Output exactly what appears from the line containing "# Эскиз1 → Повернуть1 (revolve)" to the end of the data below, and nothing more.

▽

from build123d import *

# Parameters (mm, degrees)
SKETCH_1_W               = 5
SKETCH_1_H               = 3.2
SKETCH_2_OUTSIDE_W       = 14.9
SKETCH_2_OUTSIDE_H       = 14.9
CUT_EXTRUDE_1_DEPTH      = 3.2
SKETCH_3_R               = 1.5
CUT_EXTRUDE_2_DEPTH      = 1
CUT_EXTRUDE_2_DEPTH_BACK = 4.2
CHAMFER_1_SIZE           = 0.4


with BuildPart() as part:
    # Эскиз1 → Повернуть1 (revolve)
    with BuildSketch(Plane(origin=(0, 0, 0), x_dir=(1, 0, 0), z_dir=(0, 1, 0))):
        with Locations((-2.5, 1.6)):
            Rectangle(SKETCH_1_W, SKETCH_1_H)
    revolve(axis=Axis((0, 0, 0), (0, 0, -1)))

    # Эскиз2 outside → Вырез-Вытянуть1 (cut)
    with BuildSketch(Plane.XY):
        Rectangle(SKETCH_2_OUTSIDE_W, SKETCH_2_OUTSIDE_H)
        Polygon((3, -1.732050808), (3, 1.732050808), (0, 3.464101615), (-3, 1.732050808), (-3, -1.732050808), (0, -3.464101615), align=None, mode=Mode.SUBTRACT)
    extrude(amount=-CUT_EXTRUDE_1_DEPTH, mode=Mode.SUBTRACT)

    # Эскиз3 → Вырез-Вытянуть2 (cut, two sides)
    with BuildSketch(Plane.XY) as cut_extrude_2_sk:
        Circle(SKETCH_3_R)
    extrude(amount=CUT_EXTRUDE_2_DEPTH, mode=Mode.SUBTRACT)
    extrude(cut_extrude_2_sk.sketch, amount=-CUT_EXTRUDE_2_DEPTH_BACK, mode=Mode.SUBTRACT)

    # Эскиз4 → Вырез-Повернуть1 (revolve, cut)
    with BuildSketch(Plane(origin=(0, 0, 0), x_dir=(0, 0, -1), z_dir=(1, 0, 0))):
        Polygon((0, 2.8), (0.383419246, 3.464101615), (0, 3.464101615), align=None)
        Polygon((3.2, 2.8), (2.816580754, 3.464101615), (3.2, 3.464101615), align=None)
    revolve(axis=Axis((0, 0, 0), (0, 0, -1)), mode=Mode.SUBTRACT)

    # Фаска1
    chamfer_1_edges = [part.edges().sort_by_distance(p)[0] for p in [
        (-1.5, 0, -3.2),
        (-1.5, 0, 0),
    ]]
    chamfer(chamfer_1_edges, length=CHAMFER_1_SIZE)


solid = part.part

△

» **Expected answer**:
    # Эскиз1 → Повернуть1 (revolve)
    with BuildSketch(Plane(origin=(0, 0, 0), x_dir=(1, 0, 0), z_dir=(0, 1, 0))):
        with Locations((-2.5, 1.6)):
            Rectangle(SKETCH_1_W, SKETCH_1_H)
    revolve(axis=Axis((0, 0, 0), (0, 0, -1)))

    # Эскиз2 outside → Вырез-Вытянуть1 (cut)
    with BuildSketch(Plane.XY):
        Rectangle(SKETCH_2_OUTSIDE_W, SKETCH_2_OUTSIDE_H)
        Polygon((3, -1.732050808), (3, 1.732050808), (0, 3.464101615), (-3, 1.732050808), (-3, -1.732050808), (0, -3.464101615), align=None, mode=Mode.SUBTRACT)
    extrude(amount=-CUT_EXTRUDE_1_DEPTH, mode=Mode.SUBTRACT)

    # Эскиз3 → Вырез-Вытянуть2 (cut, two sides)
    with BuildSketch(Plane.XY) as cut_extrude_2_sk:
        Circle(SKETCH_3_R)
    extrude(amount=CUT_EXTRUDE_2_DEPTH, mode=Mode.SUBTRACT)
    extrude(cut_extrude_2_sk.sketch, amount=-CUT_EXTRUDE_2_DEPTH_BACK, mode=Mode.SUBTRACT)

    # Эскиз4 → Вырез-Повернуть1 (revolve, cut)
    with BuildSketch(Plane(origin=(0, 0, 0), x_dir=(0, 0, -1), z_dir=(1, 0, 0))):
        Polygon((0, 2.8), (0.383419246, 3.464101615), (0, 3.464101615), align=None)
        Polygon((3.2, 2.8), (2.816580754, 3.464101615), (3.2, 3.464101615), align=None)
    revolve(axis=Axis((0, 0, 0), (0, 0, -1)), mode=Mode.SUBTRACT)

    # Фаска1
    chamfer_1_edges = [part.edges().sort_by_distance(p)[0] for p in [
        (-1.5, 0, -3.2),
        (-1.5, 0, 0),
    ]]
    chamfer(chamfer_1_edges, length=CHAMFER_1_SIZE)


solid = part.part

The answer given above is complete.